Because years of living here have conditioned me to always be on guard. To be super careful and expect other people to try to harm me–purposefully or by their own stupidity. Like the skateboarders flying off the wall and onto the sidewalk on Williams Street. It takes 5 seconds of common sense to realize there are people walking on the SIDE-WALK. And that skate board jumping off a wall at them could result in injury to them or you. Hey you, you have every right to injure yourself. Cut a finger off or break a leg. I don’t freaking care. But flying through air at me. I fucking care.
Hey walking 6 abreast tourists. I gotta be cognizant of every dumbass move you make. Like stopping and corralling your whole freaking family into a huddle in the middle of Broadway. Or turning around 2-3 times in a few minutes time. And why dear God must you walk at a snail’s pace everywhere during rush hour?!
On the subway. You the mentally incompetent knitter who thinks she doesn’t have to hold on. Guess what? When you fall back on me, it could hurt me. Yeah, you can fall if you want and hurt yourself but not me. So I have to pay attention to who is and isn’t holding on. It’s a tremendous amount of work.
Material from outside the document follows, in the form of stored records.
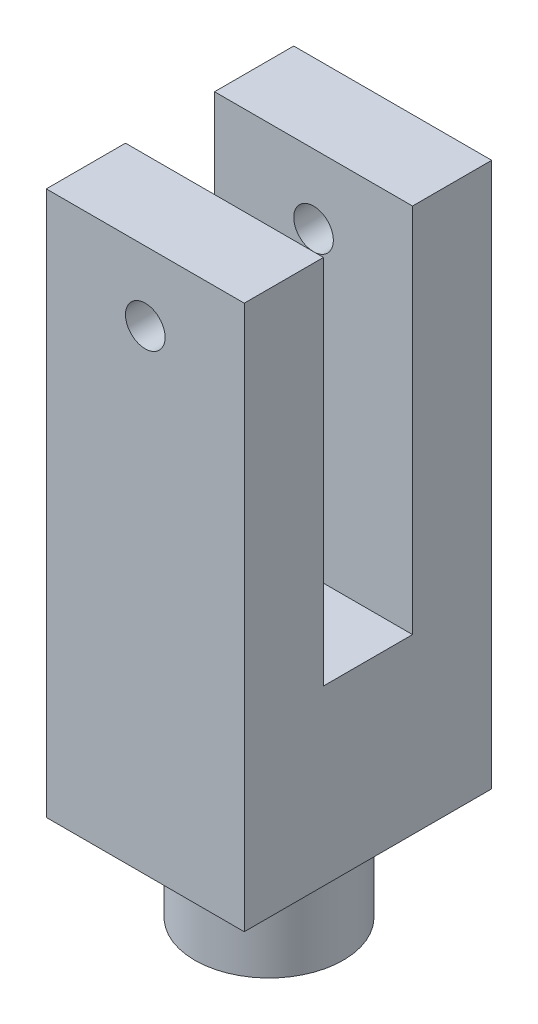
ISO-10303-21;
HEADER;
FILE_DESCRIPTION(('STEP AP214'),'2;1');
FILE_NAME('part.step','',(''),(''),'','','');
FILE_SCHEMA(('AUTOMOTIVE_DESIGN { 1 0 10303 214 1 1 1 1 }'));
ENDSEC;
DATA;
#1=APPLICATION_CONTEXT('core data for automotive mechanical design processes');
#2=APPLICATION_PROTOCOL_DEFINITION('international standard','automotive_design',2000,#1);
#3=PRODUCT_CONTEXT('',#1,'mechanical');
#4=PRODUCT('Part','Part','',(#3));
#5=PRODUCT_RELATED_PRODUCT_CATEGORY('part','',(#4));
#6=PRODUCT_DEFINITION_FORMATION('','',#4);
#7=PRODUCT_DEFINITION_CONTEXT('part definition',#1,'design');
#8=PRODUCT_DEFINITION('design','',#6,#7);
#9=PRODUCT_DEFINITION_SHAPE('','',#8);
#10=(LENGTH_UNIT() NAMED_UNIT(*) SI_UNIT(.MILLI.,.METRE.));
#11=(NAMED_UNIT(*) PLANE_ANGLE_UNIT() SI_UNIT($,.RADIAN.));
#12=(NAMED_UNIT(*) SI_UNIT($,.STERADIAN.) SOLID_ANGLE_UNIT());
#13=UNCERTAINTY_MEASURE_WITH_UNIT(LENGTH_MEASURE(1.E-05),#10,'distance_accuracy_value','');
#14=(GEOMETRIC_REPRESENTATION_CONTEXT(3) GLOBAL_UNCERTAINTY_ASSIGNED_CONTEXT((#13)) GLOBAL_UNIT_ASSIGNED_CONTEXT((#10,
#11,#12)) REPRESENTATION_CONTEXT('',''));
#15=CARTESIAN_POINT('',(0.,0.,0.));
#16=DIRECTION('',(0.,0.,1.));
#17=DIRECTION('',(1.,0.,0.));
#18=AXIS2_PLACEMENT_3D('',#15,#16,#17);
#19=CARTESIAN_POINT('',(0.,130.,0.));
#20=DIRECTION('',(0.,1.,0.));
#21=DIRECTION('',(0.,0.,1.));
#22=AXIS2_PLACEMENT_3D('',#19,#20,#21);
#23=PLANE('',#22);
#24=DIRECTION('',(-1.,0.,0.));
#25=VECTOR('',#24,1.);
#26=CARTESIAN_POINT('',(0.,130.,-9.));
#27=LINE('',#26,#25);
#28=CARTESIAN_POINT('',(20.,130.,-9.));
#29=VERTEX_POINT('',#28);
#30=CARTESIAN_POINT('',(-20.,130.,-8.99999999999999));
#31=VERTEX_POINT('',#30);
#32=EDGE_CURVE('E11',#29,#31,#27,.T.);
#33=ORIENTED_EDGE('',*,*,#32,.F.);
#34=DIRECTION('',(0.,0.,-1.));
#35=VECTOR('',#34,1.);
#36=CARTESIAN_POINT('',(20.,130.,-25.));
#37=LINE('',#36,#35);
#38=CARTESIAN_POINT('',(20.,130.,-25.));
#39=VERTEX_POINT('',#38);
#40=EDGE_CURVE('E87',#29,#39,#37,.T.);
#41=ORIENTED_EDGE('',*,*,#40,.T.);
#42=DIRECTION('',(-1.,0.,0.));
#43=VECTOR('',#42,1.);
#44=CARTESIAN_POINT('',(-20.,130.,-25.));
#45=LINE('',#44,#43);
#46=CARTESIAN_POINT('',(-20.,130.,-25.));
#47=VERTEX_POINT('',#46);
#48=EDGE_CURVE('E143',#39,#47,#45,.T.);
#49=ORIENTED_EDGE('',*,*,#48,.T.);
#50=DIRECTION('',(0.,0.,1.));
#51=VECTOR('',#50,1.);
#52=CARTESIAN_POINT('',(-20.,130.,-25.));
#53=LINE('',#52,#51);
#54=EDGE_CURVE('E145',#47,#31,#53,.T.);
#55=ORIENTED_EDGE('',*,*,#54,.T.);
#56=EDGE_LOOP('',(#33,#41,#49,#55));
#57=FACE_BOUND('',#56,.T.);
#58=ADVANCED_FACE('F33',(#57),#23,.T.);
#59=CARTESIAN_POINT('',(0.,20.,0.));
#60=DIRECTION('',(0.,-1.,0.));
#61=DIRECTION('',(0.,0.,-1.));
#62=AXIS2_PLACEMENT_3D('',#59,#60,#61);
#63=CYLINDRICAL_SURFACE('',#62,15.);
#64=CARTESIAN_POINT('',(0.,20.,0.));
#65=DIRECTION('',(0.,1.,0.));
#66=DIRECTION('',(0.,0.,1.));
#67=AXIS2_PLACEMENT_3D('',#64,#65,#66);
#68=CIRCLE('',#67,15.);
#69=CARTESIAN_POINT('',(0.,20.,15.));
#70=VERTEX_POINT('',#69);
#71=EDGE_CURVE('E167',#70,#70,#68,.T.);
#72=ORIENTED_EDGE('',*,*,#71,.F.);
#73=EDGE_LOOP('',(#72));
#74=FACE_BOUND('',#73,.T.);
#75=CARTESIAN_POINT('',(0.,0.,0.));
#76=DIRECTION('',(0.,1.,0.));
#77=DIRECTION('',(0.,0.,1.));
#78=AXIS2_PLACEMENT_3D('',#75,#76,#77);
#79=CIRCLE('',#78,15.);
#80=CARTESIAN_POINT('',(0.,0.,15.));
#81=VERTEX_POINT('',#80);
#82=EDGE_CURVE('E166',#81,#81,#79,.T.);
#83=ORIENTED_EDGE('',*,*,#82,.T.);
#84=EDGE_LOOP('',(#83));
#85=FACE_BOUND('',#84,.T.);
#86=ADVANCED_FACE('F35',(#74,#85),#63,.T.);
#87=CARTESIAN_POINT('',(0.,0.,0.));
#88=DIRECTION('',(0.,1.,0.));
#89=DIRECTION('',(0.,0.,1.));
#90=AXIS2_PLACEMENT_3D('',#87,#88,#89);
#91=PLANE('',#90);
#92=ORIENTED_EDGE('',*,*,#82,.F.);
#93=EDGE_LOOP('',(#92));
#94=FACE_BOUND('',#93,.T.);
#95=ADVANCED_FACE('F194',(#94),#91,.F.);
#96=CARTESIAN_POINT('',(0.,20.,0.));
#97=DIRECTION('',(0.,1.,0.));
#98=DIRECTION('',(0.,0.,1.));
#99=AXIS2_PLACEMENT_3D('',#96,#97,#98);
#100=PLANE('',#99);
#101=DIRECTION('',(0.,0.,-1.));
#102=VECTOR('',#101,1.);
#103=CARTESIAN_POINT('',(20.,20.,-25.));
#104=LINE('',#103,#102);
#105=CARTESIAN_POINT('',(20.,20.,25.));
#106=VERTEX_POINT('',#105);
#107=CARTESIAN_POINT('',(20.,20.,-25.));
#108=VERTEX_POINT('',#107);
#109=EDGE_CURVE('E139',#106,#108,#104,.T.);
#110=ORIENTED_EDGE('',*,*,#109,.F.);
#111=DIRECTION('',(1.,0.,0.));
#112=VECTOR('',#111,1.);
#113=CARTESIAN_POINT('',(-20.,20.,25.));
#114=LINE('',#113,#112);
#115=CARTESIAN_POINT('',(-20.,20.,25.));
#116=VERTEX_POINT('',#115);
#117=EDGE_CURVE('E79',#116,#106,#114,.T.);
#118=ORIENTED_EDGE('',*,*,#117,.F.);
#119=DIRECTION('',(0.,0.,1.));
#120=VECTOR('',#119,1.);
#121=CARTESIAN_POINT('',(-20.,20.,-25.));
#122=LINE('',#121,#120);
#123=CARTESIAN_POINT('',(-20.,20.,-25.));
#124=VERTEX_POINT('',#123);
#125=EDGE_CURVE('E154',#124,#116,#122,.T.);
#126=ORIENTED_EDGE('',*,*,#125,.F.);
#127=DIRECTION('',(-1.,0.,0.));
#128=VECTOR('',#127,1.);
#129=CARTESIAN_POINT('',(-20.,20.,-25.));
#130=LINE('',#129,#128);
#131=EDGE_CURVE('E152',#108,#124,#130,.T.);
#132=ORIENTED_EDGE('',*,*,#131,.F.);
#133=EDGE_LOOP('',(#110,#118,#126,#132));
#134=FACE_BOUND('',#133,.T.);
#135=ORIENTED_EDGE('',*,*,#71,.T.);
#136=EDGE_LOOP('',(#135));
#137=FACE_BOUND('',#136,.T.);
#138=ADVANCED_FACE('F205',(#134,#137),#100,.F.);
#139=CARTESIAN_POINT('',(20.,130.,-25.));
#140=DIRECTION('',(-1.,0.,0.));
#141=DIRECTION('',(0.,0.,1.));
#142=AXIS2_PLACEMENT_3D('',#139,#140,#141);
#143=PLANE('',#142);
#144=ORIENTED_EDGE('',*,*,#40,.F.);
#145=DIRECTION('',(0.,1.,0.));
#146=VECTOR('',#145,1.);
#147=CARTESIAN_POINT('',(20.,205.,-8.99999999999999));
#148=LINE('',#147,#146);
#149=CARTESIAN_POINT('',(20.,55.,-9.00000000000001));
#150=VERTEX_POINT('',#149);
#151=EDGE_CURVE('E134',#150,#29,#148,.T.);
#152=ORIENTED_EDGE('',*,*,#151,.F.);
#153=DIRECTION('',(0.,0.,-1.));
#154=VECTOR('',#153,1.);
#155=CARTESIAN_POINT('',(20.,55.,8.99999999999999));
#156=LINE('',#155,#154);
#157=CARTESIAN_POINT('',(20.,55.,8.99999999999999));
#158=VERTEX_POINT('',#157);
#159=EDGE_CURVE('E130',#158,#150,#156,.T.);
#160=ORIENTED_EDGE('',*,*,#159,.F.);
#161=DIRECTION('',(0.,-1.,0.));
#162=VECTOR('',#161,1.);
#163=CARTESIAN_POINT('',(20.,205.,9.00000000000001));
#164=LINE('',#163,#162);
#165=CARTESIAN_POINT('',(20.,130.,9.));
#166=VERTEX_POINT('',#165);
#167=EDGE_CURVE('E111',#166,#158,#164,.T.);
#168=ORIENTED_EDGE('',*,*,#167,.F.);
#169=CARTESIAN_POINT('',(20.,130.,25.));
#170=VERTEX_POINT('',#169);
#171=EDGE_CURVE('E141',#170,#166,#37,.T.);
#172=ORIENTED_EDGE('',*,*,#171,.F.);
#173=DIRECTION('',(0.,-1.,0.));
#174=VECTOR('',#173,1.);
#175=CARTESIAN_POINT('',(20.,130.,25.));
#176=LINE('',#175,#174);
#177=EDGE_CURVE('E149',#170,#106,#176,.T.);
#178=ORIENTED_EDGE('',*,*,#177,.T.);
#179=ORIENTED_EDGE('',*,*,#109,.T.);
#180=DIRECTION('',(0.,-1.,0.));
#181=VECTOR('',#180,1.);
#182=CARTESIAN_POINT('',(20.,130.,-25.));
#183=LINE('',#182,#181);
#184=EDGE_CURVE('E163',#39,#108,#183,.T.);
#185=ORIENTED_EDGE('',*,*,#184,.F.);
#186=EDGE_LOOP('',(#144,#152,#160,#168,#172,#178,#179,#185));
#187=FACE_BOUND('',#186,.T.);
#188=ADVANCED_FACE('F174',(#187),#143,.F.);
#189=CARTESIAN_POINT('',(-20.,130.,-25.));
#190=DIRECTION('',(0.,0.,1.));
#191=DIRECTION('',(1.,0.,0.));
#192=AXIS2_PLACEMENT_3D('',#189,#190,#191);
#193=PLANE('',#192);
#194=CARTESIAN_POINT('',(0.,116.,-25.));
#195=DIRECTION('',(0.,0.,-1.));
#196=DIRECTION('',(-1.,0.,0.));
#197=AXIS2_PLACEMENT_3D('',#194,#195,#196);
#198=CIRCLE('',#197,4.);
#199=CARTESIAN_POINT('',(-4.00000000000001,116.,-25.));
#200=VERTEX_POINT('',#199);
#201=EDGE_CURVE('E315',#200,#200,#198,.T.);
#202=ORIENTED_EDGE('',*,*,#201,.F.);
#203=EDGE_LOOP('',(#202));
#204=FACE_BOUND('',#203,.T.);
#205=ORIENTED_EDGE('',*,*,#131,.T.);
#206=DIRECTION('',(0.,-1.,0.));
#207=VECTOR('',#206,1.);
#208=CARTESIAN_POINT('',(-20.,130.,-25.));
#209=LINE('',#208,#207);
#210=EDGE_CURVE('E160',#47,#124,#209,.T.);
#211=ORIENTED_EDGE('',*,*,#210,.F.);
#212=ORIENTED_EDGE('',*,*,#48,.F.);
#213=ORIENTED_EDGE('',*,*,#184,.T.);
#214=EDGE_LOOP('',(#205,#211,#212,#213));
#215=FACE_BOUND('',#214,.T.);
#216=ADVANCED_FACE('F201',(#204,#215),#193,.F.);
#217=CARTESIAN_POINT('',(-20.,130.,-25.));
#218=DIRECTION('',(1.,0.,0.));
#219=DIRECTION('',(0.,0.,-1.));
#220=AXIS2_PLACEMENT_3D('',#217,#218,#219);
#221=PLANE('',#220);
#222=DIRECTION('',(0.,0.,-1.));
#223=VECTOR('',#222,1.);
#224=CARTESIAN_POINT('',(-20.,55.,9.));
#225=LINE('',#224,#223);
#226=CARTESIAN_POINT('',(-20.,55.,9.));
#227=VERTEX_POINT('',#226);
#228=CARTESIAN_POINT('',(-20.,55.,-9.));
#229=VERTEX_POINT('',#228);
#230=EDGE_CURVE('E116',#227,#229,#225,.T.);
#231=ORIENTED_EDGE('',*,*,#230,.T.);
#232=DIRECTION('',(0.,1.,0.));
#233=VECTOR('',#232,1.);
#234=CARTESIAN_POINT('',(-20.,205.,-8.99999999999998));
#235=LINE('',#234,#233);
#236=EDGE_CURVE('E128',#229,#31,#235,.T.);
#237=ORIENTED_EDGE('',*,*,#236,.T.);
#238=ORIENTED_EDGE('',*,*,#54,.F.);
#239=ORIENTED_EDGE('',*,*,#210,.T.);
#240=ORIENTED_EDGE('',*,*,#125,.T.);
#241=DIRECTION('',(0.,-1.,0.));
#242=VECTOR('',#241,1.);
#243=CARTESIAN_POINT('',(-20.,130.,25.));
#244=LINE('',#243,#242);
#245=CARTESIAN_POINT('',(-20.,130.,25.));
#246=VERTEX_POINT('',#245);
#247=EDGE_CURVE('E158',#246,#116,#244,.T.);
#248=ORIENTED_EDGE('',*,*,#247,.F.);
#249=CARTESIAN_POINT('',(-20.,130.,9.00000000000001));
#250=VERTEX_POINT('',#249);
#251=EDGE_CURVE('E127',#250,#246,#53,.T.);
#252=ORIENTED_EDGE('',*,*,#251,.F.);
#253=DIRECTION('',(0.,-1.,0.));
#254=VECTOR('',#253,1.);
#255=CARTESIAN_POINT('',(-20.,205.,9.00000000000001));
#256=LINE('',#255,#254);
#257=EDGE_CURVE('E49',#250,#227,#256,.T.);
#258=ORIENTED_EDGE('',*,*,#257,.T.);
#259=EDGE_LOOP('',(#231,#237,#238,#239,#240,#248,#252,#258));
#260=FACE_BOUND('',#259,.T.);
#261=ADVANCED_FACE('F125',(#260),#221,.F.);
#262=CARTESIAN_POINT('',(-20.,130.,25.));
#263=DIRECTION('',(0.,0.,-1.));
#264=DIRECTION('',(-1.,0.,0.));
#265=AXIS2_PLACEMENT_3D('',#262,#263,#264);
#266=PLANE('',#265);
#267=CARTESIAN_POINT('',(0.,116.,25.));
#268=DIRECTION('',(0.,0.,-1.));
#269=DIRECTION('',(-1.,0.,0.));
#270=AXIS2_PLACEMENT_3D('',#267,#268,#269);
#271=CIRCLE('',#270,4.);
#272=CARTESIAN_POINT('',(-4.00000000000001,116.,25.));
#273=VERTEX_POINT('',#272);
#274=EDGE_CURVE('E319',#273,#273,#271,.T.);
#275=ORIENTED_EDGE('',*,*,#274,.T.);
#276=EDGE_LOOP('',(#275));
#277=FACE_BOUND('',#276,.T.);
#278=ORIENTED_EDGE('',*,*,#117,.T.);
#279=ORIENTED_EDGE('',*,*,#177,.F.);
#280=DIRECTION('',(1.,0.,0.));
#281=VECTOR('',#280,1.);
#282=CARTESIAN_POINT('',(-20.,130.,25.));
#283=LINE('',#282,#281);
#284=EDGE_CURVE('E58',#246,#170,#283,.T.);
#285=ORIENTED_EDGE('',*,*,#284,.F.);
#286=ORIENTED_EDGE('',*,*,#247,.T.);
#287=EDGE_LOOP('',(#278,#279,#285,#286));
#288=FACE_BOUND('',#287,.T.);
#289=ADVANCED_FACE('F179',(#277,#288),#266,.F.);
#290=DIRECTION('',(1.,0.,0.));
#291=VECTOR('',#290,1.);
#292=CARTESIAN_POINT('',(0.,130.,9.));
#293=LINE('',#292,#291);
#294=EDGE_CURVE('E42',#250,#166,#293,.T.);
#295=ORIENTED_EDGE('',*,*,#294,.F.);
#296=ORIENTED_EDGE('',*,*,#251,.T.);
#297=ORIENTED_EDGE('',*,*,#284,.T.);
#298=ORIENTED_EDGE('',*,*,#171,.T.);
#299=EDGE_LOOP('',(#295,#296,#297,#298));
#300=FACE_BOUND('',#299,.T.);
#301=ADVANCED_FACE('F176',(#300),#23,.T.);
#302=CARTESIAN_POINT('',(-20.,205.,-8.99999999999998));
#303=DIRECTION('',(0.,0.,-1.));
#304=DIRECTION('',(-1.,0.,0.));
#305=AXIS2_PLACEMENT_3D('',#302,#303,#304);
#306=PLANE('',#305);
#307=CARTESIAN_POINT('',(0.,116.,-9.));
#308=DIRECTION('',(0.,0.,-1.));
#309=DIRECTION('',(-1.,0.,0.));
#310=AXIS2_PLACEMENT_3D('',#307,#308,#309);
#311=CIRCLE('',#310,4.);
#312=CARTESIAN_POINT('',(-4.00000000000001,116.,-9.));
#313=VERTEX_POINT('',#312);
#314=EDGE_CURVE('E136',#313,#313,#311,.T.);
#315=ORIENTED_EDGE('',*,*,#314,.T.);
#316=EDGE_LOOP('',(#315));
#317=FACE_BOUND('',#316,.T.);
#318=ORIENTED_EDGE('',*,*,#32,.T.);
#319=ORIENTED_EDGE('',*,*,#236,.F.);
#320=DIRECTION('',(1.,0.,0.));
#321=VECTOR('',#320,1.);
#322=CARTESIAN_POINT('',(-20.,55.,-9.));
#323=LINE('',#322,#321);
#324=EDGE_CURVE('E115',#229,#150,#323,.T.);
#325=ORIENTED_EDGE('',*,*,#324,.T.);
#326=ORIENTED_EDGE('',*,*,#151,.T.);
#327=EDGE_LOOP('',(#318,#319,#325,#326));
#328=FACE_BOUND('',#327,.T.);
#329=ADVANCED_FACE('F178',(#317,#328),#306,.F.);
#330=CARTESIAN_POINT('',(-20.,55.,9.));
#331=DIRECTION('',(0.,-1.,0.));
#332=DIRECTION('',(0.,0.,-1.));
#333=AXIS2_PLACEMENT_3D('',#330,#331,#332);
#334=PLANE('',#333);
#335=ORIENTED_EDGE('',*,*,#159,.T.);
#336=ORIENTED_EDGE('',*,*,#324,.F.);
#337=ORIENTED_EDGE('',*,*,#230,.F.);
#338=DIRECTION('',(1.,0.,0.));
#339=VECTOR('',#338,1.);
#340=CARTESIAN_POINT('',(-20.,55.,9.));
#341=LINE('',#340,#339);
#342=EDGE_CURVE('E107',#227,#158,#341,.T.);
#343=ORIENTED_EDGE('',*,*,#342,.T.);
#344=EDGE_LOOP('',(#335,#336,#337,#343));
#345=FACE_BOUND('',#344,.T.);
#346=ADVANCED_FACE('F119',(#345),#334,.F.);
#347=CARTESIAN_POINT('',(-20.,205.,9.00000000000001));
#348=DIRECTION('',(0.,0.,1.));
#349=DIRECTION('',(1.,0.,0.));
#350=AXIS2_PLACEMENT_3D('',#347,#348,#349);
#351=PLANE('',#350);
#352=CARTESIAN_POINT('',(0.,116.,9.));
#353=DIRECTION('',(0.,0.,1.));
#354=DIRECTION('',(1.,0.,0.));
#355=AXIS2_PLACEMENT_3D('',#352,#353,#354);
#356=CIRCLE('',#355,4.);
#357=CARTESIAN_POINT('',(4.,116.,9.));
#358=VERTEX_POINT('',#357);
#359=EDGE_CURVE('E37',#358,#358,#356,.T.);
#360=ORIENTED_EDGE('',*,*,#359,.T.);
#361=EDGE_LOOP('',(#360));
#362=FACE_BOUND('',#361,.T.);
#363=ORIENTED_EDGE('',*,*,#294,.T.);
#364=ORIENTED_EDGE('',*,*,#167,.T.);
#365=ORIENTED_EDGE('',*,*,#342,.F.);
#366=ORIENTED_EDGE('',*,*,#257,.F.);
#367=EDGE_LOOP('',(#363,#364,#365,#366));
#368=FACE_BOUND('',#367,.T.);
#369=ADVANCED_FACE('F109',(#362,#368),#351,.F.);
#370=CARTESIAN_POINT('',(0.,116.,25.));
#371=DIRECTION('',(0.,0.,-1.));
#372=DIRECTION('',(-1.,0.,0.));
#373=AXIS2_PLACEMENT_3D('',#370,#371,#372);
#374=CYLINDRICAL_SURFACE('',#373,4.);
#375=ORIENTED_EDGE('',*,*,#274,.F.);
#376=EDGE_LOOP('',(#375));
#377=FACE_BOUND('',#376,.T.);
#378=ORIENTED_EDGE('',*,*,#359,.F.);
#379=EDGE_LOOP('',(#378));
#380=FACE_BOUND('',#379,.T.);
#381=ADVANCED_FACE('F253',(#377,#380),#374,.F.);
#382=ORIENTED_EDGE('',*,*,#201,.T.);
#383=EDGE_LOOP('',(#382));
#384=FACE_BOUND('',#383,.T.);
#385=ORIENTED_EDGE('',*,*,#314,.F.);
#386=EDGE_LOOP('',(#385));
#387=FACE_BOUND('',#386,.T.);
#388=ADVANCED_FACE('F263',(#384,#387),#374,.F.);
#389=CLOSED_SHELL('',(#58,#86,#95,#138,#188,#216,#261,#289,#301,#329,#346,#369,#381,#388));
#390=MANIFOLD_SOLID_BREP('B2',#389);
#391=ADVANCED_BREP_SHAPE_REPRESENTATION('',(#18,#390),#14);
#392=SHAPE_DEFINITION_REPRESENTATION(#9,#391);
ENDSEC;
END-ISO-10303-21;

Then when I walk into crowds. Gotta watch for muggers, gropers, and every other deviant that could abound. It’s why I hate crowds. I can’t be on my game every second. And god freaking forbid anyone else be cognizant of other people or take responsibility for their actions. Hell to the no.
This is why I can’t ever relax in New York. And maybe it’s why I’ve really started to hate being here.